Monday 12th December 2016
quotequote all
Brilliant, thank you.

I'll give it a bash.

blindspot

Original Poster:

352 posts

166 months

Monday 12th December 2016
quotequote all


Not the photo I'm using, but just the ticket for a quick attempt. Exactly the sort of thing I wanted, thank you.

MitchT

17,089 posts

232 months

Monday 12th December 2016
quotequote all
smile

RobDickinson

31,343 posts

277 months

Monday 12th December 2016
quotequote all
get Nik B&W and click a defalt, tweak.
https://www.google.com/nikcollection

blindspot

Original Poster:

352 posts

166 months

Monday 12th December 2016
quotequote all
Thank you, I'm really pleased with the PS duotone technique, but I''ll have a play with those google tools sometime.

What I really need to do is buy a copy of 'LR & PS for retards' and get to actually understand it.

Simpo Two

91,360 posts

288 months

Monday 12th December 2016
quotequote all
I doubt anyone understands all of PS. You just learn the bits you need to; I'm up to 2% and that's enough for me.

RobDickinson

31,343 posts

277 months

Monday 12th December 2016
quotequote all
I peaked at 3% but they have added new stuff so I regressed...

Simpo Two

91,360 posts

288 months

Monday 12th December 2016
quotequote all
That's progress. Eventually you learn to settle for sitting at the bottom of the escalator having an easy life smile

MitchT

17,089 posts

232 months

Monday 12th December 2016
quotequote all
Simpo Two said:
I doubt anyone understands all of PS.
True. I've been tinkering with it for 20 years+ via my work but someone else who uses it for different purposes might know it in a completely different way. Multiply that concept by numerous users!

blindspot

Original Poster:

352 posts

166 months

Monday 12th December 2016
quotequote all
Quite. By 'understand' I suppose that I mean be slightly less than totally baffled by the main screen.

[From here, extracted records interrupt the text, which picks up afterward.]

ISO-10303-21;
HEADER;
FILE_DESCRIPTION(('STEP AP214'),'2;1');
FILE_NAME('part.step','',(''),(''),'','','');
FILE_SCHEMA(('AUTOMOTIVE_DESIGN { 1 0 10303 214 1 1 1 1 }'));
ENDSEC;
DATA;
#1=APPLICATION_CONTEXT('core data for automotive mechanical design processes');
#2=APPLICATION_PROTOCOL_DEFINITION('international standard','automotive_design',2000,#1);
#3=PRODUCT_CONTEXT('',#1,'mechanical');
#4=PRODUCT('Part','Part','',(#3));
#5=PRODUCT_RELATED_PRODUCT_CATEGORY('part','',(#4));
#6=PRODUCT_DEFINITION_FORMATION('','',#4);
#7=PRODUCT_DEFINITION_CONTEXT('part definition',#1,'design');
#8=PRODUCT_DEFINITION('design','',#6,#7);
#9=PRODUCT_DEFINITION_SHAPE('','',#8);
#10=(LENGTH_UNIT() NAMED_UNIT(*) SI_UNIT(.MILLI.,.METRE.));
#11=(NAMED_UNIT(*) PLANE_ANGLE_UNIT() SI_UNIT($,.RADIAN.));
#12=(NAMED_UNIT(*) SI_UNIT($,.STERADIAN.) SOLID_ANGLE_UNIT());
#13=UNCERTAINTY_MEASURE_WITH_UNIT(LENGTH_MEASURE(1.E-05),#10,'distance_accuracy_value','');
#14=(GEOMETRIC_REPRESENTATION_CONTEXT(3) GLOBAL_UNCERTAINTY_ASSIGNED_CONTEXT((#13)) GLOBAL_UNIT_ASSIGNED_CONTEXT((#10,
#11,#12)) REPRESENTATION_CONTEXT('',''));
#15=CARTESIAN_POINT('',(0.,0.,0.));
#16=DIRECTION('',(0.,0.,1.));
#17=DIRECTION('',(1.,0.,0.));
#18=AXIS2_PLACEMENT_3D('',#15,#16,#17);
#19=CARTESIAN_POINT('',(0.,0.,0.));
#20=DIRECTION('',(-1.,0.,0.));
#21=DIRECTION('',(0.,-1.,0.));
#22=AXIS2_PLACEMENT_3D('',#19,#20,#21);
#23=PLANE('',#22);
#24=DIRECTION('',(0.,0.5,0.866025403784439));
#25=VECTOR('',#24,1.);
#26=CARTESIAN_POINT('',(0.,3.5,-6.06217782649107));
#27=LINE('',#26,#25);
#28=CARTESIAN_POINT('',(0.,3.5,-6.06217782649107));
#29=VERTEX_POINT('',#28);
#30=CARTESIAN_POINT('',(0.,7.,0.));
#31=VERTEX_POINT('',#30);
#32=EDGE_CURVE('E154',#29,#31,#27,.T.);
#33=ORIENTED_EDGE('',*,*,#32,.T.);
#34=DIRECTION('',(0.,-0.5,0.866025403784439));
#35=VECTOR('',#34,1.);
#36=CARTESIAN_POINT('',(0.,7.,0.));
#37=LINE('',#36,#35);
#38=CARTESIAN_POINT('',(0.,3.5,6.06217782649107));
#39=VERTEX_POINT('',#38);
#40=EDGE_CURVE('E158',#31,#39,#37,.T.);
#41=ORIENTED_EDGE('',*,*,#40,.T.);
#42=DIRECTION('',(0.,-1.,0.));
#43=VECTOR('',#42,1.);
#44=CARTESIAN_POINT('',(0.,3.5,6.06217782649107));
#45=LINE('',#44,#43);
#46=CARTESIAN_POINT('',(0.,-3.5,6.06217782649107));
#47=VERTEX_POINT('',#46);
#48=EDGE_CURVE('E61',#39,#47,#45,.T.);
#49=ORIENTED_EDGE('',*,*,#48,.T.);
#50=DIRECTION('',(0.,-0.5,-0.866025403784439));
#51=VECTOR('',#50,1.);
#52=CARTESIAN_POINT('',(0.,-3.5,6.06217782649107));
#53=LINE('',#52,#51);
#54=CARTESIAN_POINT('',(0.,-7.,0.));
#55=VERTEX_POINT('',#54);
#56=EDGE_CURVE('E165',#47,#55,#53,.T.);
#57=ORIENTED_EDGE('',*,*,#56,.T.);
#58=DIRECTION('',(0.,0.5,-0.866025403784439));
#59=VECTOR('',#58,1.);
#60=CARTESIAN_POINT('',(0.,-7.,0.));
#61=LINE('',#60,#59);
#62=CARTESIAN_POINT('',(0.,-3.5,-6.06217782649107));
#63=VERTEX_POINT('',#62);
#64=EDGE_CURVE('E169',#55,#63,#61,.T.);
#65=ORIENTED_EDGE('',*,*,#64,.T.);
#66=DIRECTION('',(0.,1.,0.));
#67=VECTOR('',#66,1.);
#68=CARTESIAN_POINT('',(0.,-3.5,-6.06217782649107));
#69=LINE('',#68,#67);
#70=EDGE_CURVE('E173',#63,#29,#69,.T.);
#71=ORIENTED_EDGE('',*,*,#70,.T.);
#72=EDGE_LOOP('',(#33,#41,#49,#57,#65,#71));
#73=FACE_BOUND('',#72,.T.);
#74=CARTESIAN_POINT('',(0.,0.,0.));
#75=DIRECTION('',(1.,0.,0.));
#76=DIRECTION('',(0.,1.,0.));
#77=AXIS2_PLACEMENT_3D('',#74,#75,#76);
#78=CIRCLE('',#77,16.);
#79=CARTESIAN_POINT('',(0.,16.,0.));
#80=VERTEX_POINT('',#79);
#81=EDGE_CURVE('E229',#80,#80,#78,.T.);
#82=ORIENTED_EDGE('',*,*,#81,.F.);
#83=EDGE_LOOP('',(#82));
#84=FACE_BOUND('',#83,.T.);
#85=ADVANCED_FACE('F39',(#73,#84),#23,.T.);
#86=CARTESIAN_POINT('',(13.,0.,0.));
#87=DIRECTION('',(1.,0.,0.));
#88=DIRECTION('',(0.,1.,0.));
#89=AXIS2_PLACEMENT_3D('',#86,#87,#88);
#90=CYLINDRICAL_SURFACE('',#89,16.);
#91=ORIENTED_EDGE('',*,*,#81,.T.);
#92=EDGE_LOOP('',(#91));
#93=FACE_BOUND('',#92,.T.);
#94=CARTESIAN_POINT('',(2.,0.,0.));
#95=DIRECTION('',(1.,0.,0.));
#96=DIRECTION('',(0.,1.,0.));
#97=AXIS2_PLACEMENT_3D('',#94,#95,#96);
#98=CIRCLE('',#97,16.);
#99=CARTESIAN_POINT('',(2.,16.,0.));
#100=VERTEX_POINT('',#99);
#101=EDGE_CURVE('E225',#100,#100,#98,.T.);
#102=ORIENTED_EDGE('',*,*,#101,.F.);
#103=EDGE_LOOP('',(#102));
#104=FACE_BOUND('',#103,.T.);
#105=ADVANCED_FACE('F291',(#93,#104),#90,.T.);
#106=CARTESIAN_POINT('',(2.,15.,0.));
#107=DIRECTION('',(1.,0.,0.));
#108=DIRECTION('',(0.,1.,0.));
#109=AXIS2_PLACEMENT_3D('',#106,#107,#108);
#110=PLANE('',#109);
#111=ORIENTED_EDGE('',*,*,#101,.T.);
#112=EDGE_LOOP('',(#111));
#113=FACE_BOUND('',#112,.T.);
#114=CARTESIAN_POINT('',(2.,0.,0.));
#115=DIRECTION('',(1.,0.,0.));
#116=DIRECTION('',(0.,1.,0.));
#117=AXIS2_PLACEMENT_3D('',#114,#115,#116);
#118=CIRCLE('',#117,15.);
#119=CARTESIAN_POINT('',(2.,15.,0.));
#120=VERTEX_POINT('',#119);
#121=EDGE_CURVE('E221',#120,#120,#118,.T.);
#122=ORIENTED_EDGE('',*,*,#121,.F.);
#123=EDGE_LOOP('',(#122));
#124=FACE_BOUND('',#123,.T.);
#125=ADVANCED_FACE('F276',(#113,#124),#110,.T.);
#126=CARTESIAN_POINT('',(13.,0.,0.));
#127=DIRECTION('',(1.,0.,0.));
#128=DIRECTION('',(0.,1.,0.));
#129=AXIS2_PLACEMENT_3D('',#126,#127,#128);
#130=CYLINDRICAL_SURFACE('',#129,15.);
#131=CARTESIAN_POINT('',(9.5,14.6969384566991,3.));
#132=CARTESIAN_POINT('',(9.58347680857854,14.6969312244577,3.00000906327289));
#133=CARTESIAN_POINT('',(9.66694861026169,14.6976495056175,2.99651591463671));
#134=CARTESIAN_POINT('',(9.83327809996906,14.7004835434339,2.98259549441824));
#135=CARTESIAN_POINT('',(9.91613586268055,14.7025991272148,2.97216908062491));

Perhaps evem be able to switch a flat sky for a more interesting one, or be able to selectively alter exposure within a photo.

Simpo Two

91,360 posts

288 months

Monday 12th December 2016
quotequote all
blindspot said:
or be able to selectively alter exposure within a photo.
Oh that's easy! Many of my photos depend on that, either via C1 Pro + PS, or PS alone. But I doubt my way is the same as yours spin

RobDickinson

31,343 posts

277 months

Monday 12th December 2016
quotequote all
Go youtube some tutotials.

learn about the basc tools, layers and masks

blindspot

Original Poster:

352 posts

166 months

Monday 12th December 2016
quotequote all
Is there a presemter/channel who are particularly good for this sort of thing? Ideally the sort that tell you why you're doing something rather than a bare list of actions?

Simpo Two

91,360 posts

288 months

Tuesday 13th December 2016
quotequote all
If you're in or can get to East Anglia I can show you what I know.

blindspot

Original Poster:

352 posts

166 months

Tuesday 13th December 2016
quotequote all
Thank you for the offer - I'm in Berks, so buzzing over for a lesson will eat more time than I can really justify at the moment.

I've spent some time with Adobe's own tutorials this morning and it is starting to make a lot more sense.


FidoGoRetroGo

125 posts

112 months

Thursday 15th December 2016
quotequote all
Alien Skin does nice things without much effort.